+++ Provided records +++

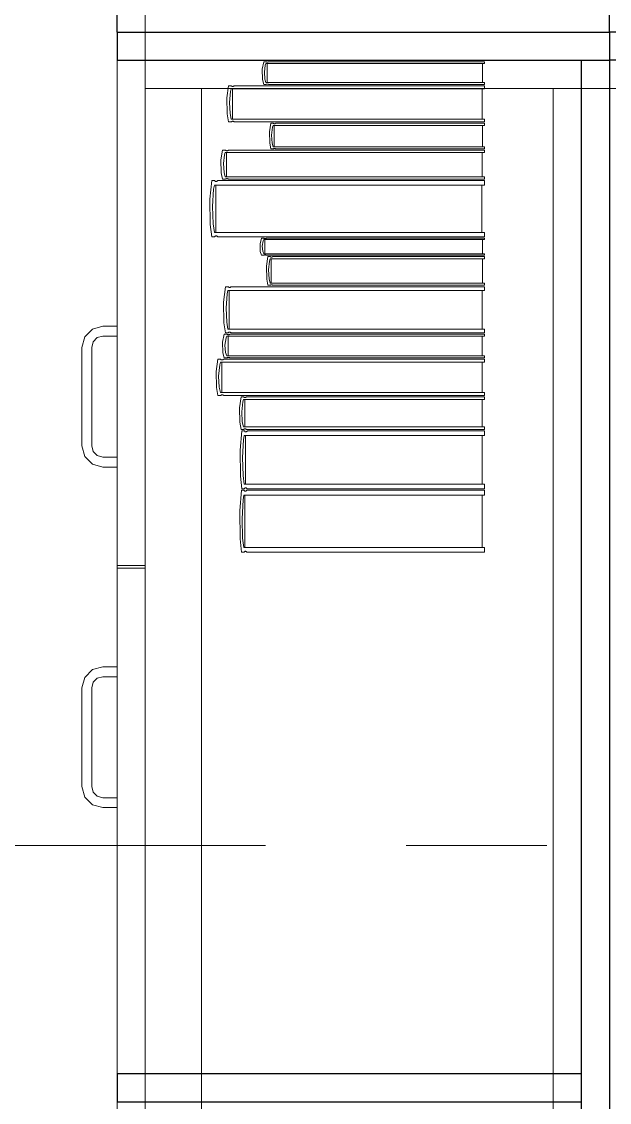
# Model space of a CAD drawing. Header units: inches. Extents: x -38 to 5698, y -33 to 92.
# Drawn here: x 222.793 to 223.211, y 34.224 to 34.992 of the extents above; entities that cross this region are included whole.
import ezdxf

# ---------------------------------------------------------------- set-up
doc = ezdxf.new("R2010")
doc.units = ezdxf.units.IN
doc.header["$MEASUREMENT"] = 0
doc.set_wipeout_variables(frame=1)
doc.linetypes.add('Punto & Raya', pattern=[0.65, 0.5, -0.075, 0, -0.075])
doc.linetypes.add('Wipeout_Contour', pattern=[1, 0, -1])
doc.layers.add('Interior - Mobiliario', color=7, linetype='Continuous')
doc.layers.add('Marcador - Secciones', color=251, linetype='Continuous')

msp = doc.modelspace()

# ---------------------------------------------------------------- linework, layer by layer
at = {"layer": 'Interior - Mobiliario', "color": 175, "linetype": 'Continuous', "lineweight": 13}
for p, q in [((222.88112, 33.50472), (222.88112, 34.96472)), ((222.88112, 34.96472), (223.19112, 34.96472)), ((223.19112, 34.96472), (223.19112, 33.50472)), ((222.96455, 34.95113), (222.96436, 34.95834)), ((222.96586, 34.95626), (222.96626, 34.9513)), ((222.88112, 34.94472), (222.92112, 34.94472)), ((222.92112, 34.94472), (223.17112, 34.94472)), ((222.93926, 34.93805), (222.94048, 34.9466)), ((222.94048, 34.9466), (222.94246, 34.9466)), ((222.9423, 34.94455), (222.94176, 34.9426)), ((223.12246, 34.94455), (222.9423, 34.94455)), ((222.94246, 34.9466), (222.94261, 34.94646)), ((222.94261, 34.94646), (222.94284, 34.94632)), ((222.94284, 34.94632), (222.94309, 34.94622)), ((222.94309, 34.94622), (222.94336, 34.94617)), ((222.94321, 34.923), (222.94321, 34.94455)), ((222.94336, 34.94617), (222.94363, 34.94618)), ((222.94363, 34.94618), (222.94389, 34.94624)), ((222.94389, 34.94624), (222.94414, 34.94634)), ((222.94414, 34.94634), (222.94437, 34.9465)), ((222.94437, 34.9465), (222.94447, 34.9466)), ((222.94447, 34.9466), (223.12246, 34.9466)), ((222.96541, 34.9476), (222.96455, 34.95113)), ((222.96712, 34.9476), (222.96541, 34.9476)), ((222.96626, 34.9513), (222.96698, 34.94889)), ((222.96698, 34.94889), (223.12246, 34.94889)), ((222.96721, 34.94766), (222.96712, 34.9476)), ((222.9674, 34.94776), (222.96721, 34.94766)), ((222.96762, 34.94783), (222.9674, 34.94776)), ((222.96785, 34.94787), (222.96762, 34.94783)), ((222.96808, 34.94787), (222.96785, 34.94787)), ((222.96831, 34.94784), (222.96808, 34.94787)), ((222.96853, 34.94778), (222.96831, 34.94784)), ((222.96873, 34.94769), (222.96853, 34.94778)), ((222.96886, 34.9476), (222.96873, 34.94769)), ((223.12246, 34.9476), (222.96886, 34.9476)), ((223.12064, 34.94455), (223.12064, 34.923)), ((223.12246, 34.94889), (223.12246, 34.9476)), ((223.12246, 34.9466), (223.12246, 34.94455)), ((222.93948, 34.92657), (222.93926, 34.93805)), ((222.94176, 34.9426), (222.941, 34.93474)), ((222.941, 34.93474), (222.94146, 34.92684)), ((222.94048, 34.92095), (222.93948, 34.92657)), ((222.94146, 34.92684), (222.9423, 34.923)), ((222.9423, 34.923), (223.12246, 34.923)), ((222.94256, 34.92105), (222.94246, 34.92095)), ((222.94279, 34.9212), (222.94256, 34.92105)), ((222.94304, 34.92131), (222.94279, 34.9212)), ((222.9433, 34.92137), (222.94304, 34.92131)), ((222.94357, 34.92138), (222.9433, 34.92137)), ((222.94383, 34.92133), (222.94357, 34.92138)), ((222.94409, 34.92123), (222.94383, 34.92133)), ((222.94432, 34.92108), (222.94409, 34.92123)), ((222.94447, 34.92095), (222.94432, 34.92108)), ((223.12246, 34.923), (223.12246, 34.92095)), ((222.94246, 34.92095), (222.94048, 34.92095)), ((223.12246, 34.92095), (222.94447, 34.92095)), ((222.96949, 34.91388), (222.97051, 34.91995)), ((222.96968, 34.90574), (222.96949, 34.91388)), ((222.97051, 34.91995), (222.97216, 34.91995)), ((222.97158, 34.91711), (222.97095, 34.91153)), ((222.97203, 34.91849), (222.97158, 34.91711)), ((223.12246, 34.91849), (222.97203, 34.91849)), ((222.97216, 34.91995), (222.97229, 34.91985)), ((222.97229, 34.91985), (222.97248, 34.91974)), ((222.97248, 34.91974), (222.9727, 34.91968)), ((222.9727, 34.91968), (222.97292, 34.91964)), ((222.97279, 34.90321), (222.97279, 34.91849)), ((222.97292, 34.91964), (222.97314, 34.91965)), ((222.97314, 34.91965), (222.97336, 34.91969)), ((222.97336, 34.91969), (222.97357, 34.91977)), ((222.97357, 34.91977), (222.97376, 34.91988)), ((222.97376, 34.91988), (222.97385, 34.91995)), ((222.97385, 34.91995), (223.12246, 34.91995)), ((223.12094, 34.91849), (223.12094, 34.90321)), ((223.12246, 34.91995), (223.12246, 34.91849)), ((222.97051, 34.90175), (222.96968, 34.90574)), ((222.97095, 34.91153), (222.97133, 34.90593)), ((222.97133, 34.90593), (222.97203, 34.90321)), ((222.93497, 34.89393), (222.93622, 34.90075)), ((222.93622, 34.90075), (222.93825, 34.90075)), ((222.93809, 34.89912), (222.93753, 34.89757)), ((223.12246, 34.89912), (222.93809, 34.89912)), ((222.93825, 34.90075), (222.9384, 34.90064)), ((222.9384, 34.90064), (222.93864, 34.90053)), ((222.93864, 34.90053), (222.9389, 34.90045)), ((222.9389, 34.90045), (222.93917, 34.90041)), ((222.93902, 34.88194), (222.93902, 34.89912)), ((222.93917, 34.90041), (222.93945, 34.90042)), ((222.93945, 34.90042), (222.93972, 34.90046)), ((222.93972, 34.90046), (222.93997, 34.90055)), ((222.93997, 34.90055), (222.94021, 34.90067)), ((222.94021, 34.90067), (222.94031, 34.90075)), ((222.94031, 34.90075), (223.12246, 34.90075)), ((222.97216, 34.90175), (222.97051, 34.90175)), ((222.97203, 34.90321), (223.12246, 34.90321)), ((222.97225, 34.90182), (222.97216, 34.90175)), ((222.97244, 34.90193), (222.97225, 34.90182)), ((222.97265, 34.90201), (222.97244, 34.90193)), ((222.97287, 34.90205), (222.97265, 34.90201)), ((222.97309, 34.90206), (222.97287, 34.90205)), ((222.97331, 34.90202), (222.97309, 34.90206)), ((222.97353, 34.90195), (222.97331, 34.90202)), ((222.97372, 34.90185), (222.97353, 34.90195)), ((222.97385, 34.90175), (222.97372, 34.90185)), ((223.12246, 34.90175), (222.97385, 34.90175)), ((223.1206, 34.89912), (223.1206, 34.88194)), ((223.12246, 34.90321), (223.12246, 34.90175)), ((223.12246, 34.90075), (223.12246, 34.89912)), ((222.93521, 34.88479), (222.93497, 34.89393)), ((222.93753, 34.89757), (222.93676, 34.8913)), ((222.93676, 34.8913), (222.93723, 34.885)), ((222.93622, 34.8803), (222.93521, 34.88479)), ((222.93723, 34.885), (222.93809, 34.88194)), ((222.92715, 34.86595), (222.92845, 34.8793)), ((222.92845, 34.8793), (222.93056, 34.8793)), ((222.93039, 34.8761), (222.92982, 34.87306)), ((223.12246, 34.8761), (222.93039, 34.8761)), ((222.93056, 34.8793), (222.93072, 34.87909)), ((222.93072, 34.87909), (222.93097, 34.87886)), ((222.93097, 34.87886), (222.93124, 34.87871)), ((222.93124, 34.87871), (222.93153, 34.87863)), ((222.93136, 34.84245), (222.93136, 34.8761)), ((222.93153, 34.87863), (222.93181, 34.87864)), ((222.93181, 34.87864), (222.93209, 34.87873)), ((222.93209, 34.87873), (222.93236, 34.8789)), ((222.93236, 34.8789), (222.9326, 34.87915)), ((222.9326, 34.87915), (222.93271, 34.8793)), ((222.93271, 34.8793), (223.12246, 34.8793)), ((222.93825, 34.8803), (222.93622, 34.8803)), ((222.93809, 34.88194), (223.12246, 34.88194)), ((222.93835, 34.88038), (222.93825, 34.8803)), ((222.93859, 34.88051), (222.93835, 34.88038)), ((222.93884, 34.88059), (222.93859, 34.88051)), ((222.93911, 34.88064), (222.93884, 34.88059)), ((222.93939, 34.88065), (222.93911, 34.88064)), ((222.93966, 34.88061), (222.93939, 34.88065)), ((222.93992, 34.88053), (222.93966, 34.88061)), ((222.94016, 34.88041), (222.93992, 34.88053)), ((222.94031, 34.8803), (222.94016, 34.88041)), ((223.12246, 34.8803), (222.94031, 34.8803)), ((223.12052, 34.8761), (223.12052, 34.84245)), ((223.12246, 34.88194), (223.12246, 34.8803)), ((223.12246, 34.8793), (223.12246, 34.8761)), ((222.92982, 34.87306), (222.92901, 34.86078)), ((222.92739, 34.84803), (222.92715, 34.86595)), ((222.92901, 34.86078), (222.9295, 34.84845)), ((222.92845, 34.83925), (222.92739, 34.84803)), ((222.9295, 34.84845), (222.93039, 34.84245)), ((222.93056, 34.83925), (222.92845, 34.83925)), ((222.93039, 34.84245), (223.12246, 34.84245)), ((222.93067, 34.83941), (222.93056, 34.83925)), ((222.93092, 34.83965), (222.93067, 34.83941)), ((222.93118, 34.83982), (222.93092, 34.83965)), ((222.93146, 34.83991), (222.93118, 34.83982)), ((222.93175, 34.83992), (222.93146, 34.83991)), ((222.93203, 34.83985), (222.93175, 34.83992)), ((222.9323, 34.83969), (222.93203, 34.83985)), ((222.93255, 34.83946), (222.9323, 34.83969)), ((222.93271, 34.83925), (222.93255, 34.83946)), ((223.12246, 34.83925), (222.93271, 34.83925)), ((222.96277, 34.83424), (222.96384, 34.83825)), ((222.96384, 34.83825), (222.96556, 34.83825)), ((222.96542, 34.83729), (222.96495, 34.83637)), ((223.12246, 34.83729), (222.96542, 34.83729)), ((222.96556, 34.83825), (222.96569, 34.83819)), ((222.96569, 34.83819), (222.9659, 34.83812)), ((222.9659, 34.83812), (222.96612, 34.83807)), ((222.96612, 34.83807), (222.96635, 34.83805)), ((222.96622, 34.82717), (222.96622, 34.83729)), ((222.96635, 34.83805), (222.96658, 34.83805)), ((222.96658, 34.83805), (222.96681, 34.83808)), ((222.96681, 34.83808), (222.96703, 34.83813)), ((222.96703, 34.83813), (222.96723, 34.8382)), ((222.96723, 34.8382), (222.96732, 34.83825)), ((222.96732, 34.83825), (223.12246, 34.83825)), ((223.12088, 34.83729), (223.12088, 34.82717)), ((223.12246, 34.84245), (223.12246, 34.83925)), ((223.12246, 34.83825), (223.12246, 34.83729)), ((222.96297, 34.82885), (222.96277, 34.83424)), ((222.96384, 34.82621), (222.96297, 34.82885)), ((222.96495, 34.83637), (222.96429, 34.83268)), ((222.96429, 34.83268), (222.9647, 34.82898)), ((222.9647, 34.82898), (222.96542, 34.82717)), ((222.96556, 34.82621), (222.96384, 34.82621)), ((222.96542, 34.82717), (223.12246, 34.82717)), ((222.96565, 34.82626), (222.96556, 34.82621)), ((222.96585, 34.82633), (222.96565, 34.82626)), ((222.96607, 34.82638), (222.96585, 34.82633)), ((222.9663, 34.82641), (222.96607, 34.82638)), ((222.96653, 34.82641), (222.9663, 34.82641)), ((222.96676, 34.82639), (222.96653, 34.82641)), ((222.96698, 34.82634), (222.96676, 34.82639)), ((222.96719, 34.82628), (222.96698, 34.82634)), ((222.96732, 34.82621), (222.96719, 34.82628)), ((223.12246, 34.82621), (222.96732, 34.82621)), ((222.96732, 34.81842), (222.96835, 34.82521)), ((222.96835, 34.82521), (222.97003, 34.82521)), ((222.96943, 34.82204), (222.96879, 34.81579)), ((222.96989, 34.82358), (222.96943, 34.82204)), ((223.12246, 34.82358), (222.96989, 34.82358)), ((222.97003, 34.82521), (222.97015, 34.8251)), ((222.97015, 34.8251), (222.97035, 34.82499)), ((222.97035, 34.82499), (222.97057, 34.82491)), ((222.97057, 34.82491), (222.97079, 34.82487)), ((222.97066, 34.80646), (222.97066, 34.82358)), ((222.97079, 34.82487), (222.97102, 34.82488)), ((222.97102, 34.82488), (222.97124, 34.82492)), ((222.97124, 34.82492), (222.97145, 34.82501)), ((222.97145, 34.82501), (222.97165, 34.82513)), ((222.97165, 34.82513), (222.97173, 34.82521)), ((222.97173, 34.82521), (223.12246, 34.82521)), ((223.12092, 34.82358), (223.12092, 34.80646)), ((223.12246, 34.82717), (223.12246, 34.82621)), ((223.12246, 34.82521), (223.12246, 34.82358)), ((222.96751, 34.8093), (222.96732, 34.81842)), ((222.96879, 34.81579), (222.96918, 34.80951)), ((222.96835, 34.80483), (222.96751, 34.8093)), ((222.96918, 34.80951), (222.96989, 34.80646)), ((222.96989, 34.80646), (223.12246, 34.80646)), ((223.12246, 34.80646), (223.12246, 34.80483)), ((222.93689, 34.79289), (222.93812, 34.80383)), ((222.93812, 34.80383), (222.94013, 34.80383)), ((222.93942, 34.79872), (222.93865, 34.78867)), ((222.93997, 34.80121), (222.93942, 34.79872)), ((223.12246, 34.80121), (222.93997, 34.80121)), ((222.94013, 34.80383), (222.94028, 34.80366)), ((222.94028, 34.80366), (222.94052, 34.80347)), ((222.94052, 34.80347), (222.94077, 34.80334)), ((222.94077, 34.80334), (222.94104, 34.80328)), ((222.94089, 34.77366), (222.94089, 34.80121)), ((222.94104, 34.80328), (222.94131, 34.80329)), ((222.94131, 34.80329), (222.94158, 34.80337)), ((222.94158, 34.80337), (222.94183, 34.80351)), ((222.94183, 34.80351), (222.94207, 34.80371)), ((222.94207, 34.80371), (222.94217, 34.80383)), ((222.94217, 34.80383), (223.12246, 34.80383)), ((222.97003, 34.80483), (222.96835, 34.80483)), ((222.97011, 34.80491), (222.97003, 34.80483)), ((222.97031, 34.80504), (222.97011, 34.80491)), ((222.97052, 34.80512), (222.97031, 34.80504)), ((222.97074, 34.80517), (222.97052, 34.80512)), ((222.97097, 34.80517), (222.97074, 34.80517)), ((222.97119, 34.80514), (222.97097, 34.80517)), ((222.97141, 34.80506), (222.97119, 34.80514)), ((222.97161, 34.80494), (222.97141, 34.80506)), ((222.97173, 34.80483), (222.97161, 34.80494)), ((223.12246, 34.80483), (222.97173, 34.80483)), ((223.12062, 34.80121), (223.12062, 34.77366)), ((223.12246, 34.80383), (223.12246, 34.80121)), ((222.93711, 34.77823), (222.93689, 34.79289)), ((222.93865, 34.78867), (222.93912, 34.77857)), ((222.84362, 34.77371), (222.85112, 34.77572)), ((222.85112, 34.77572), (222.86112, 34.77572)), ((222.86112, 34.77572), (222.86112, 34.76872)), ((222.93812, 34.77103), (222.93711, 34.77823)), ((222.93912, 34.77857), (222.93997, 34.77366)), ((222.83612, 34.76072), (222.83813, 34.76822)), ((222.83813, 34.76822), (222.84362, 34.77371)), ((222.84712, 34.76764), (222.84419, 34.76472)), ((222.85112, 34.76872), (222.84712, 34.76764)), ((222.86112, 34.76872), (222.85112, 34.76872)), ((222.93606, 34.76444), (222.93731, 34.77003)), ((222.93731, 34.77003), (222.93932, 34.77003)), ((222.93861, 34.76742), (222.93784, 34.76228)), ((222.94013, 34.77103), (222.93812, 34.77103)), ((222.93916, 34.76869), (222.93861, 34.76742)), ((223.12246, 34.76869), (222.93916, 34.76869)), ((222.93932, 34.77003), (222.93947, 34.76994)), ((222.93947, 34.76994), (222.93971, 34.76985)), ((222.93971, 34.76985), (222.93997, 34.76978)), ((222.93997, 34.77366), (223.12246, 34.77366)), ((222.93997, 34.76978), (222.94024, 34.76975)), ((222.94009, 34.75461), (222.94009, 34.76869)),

+++

# Aim of the task
What lines in the data include the string "pattern"? Copy each one.

# Answer box
doc.linetypes.add('Punto & Raya', pattern=[0.65, 0.5, -0.075, 0, -0.075])
doc.linetypes.add('Wipeout_Contour', pattern=[1, 0, -1])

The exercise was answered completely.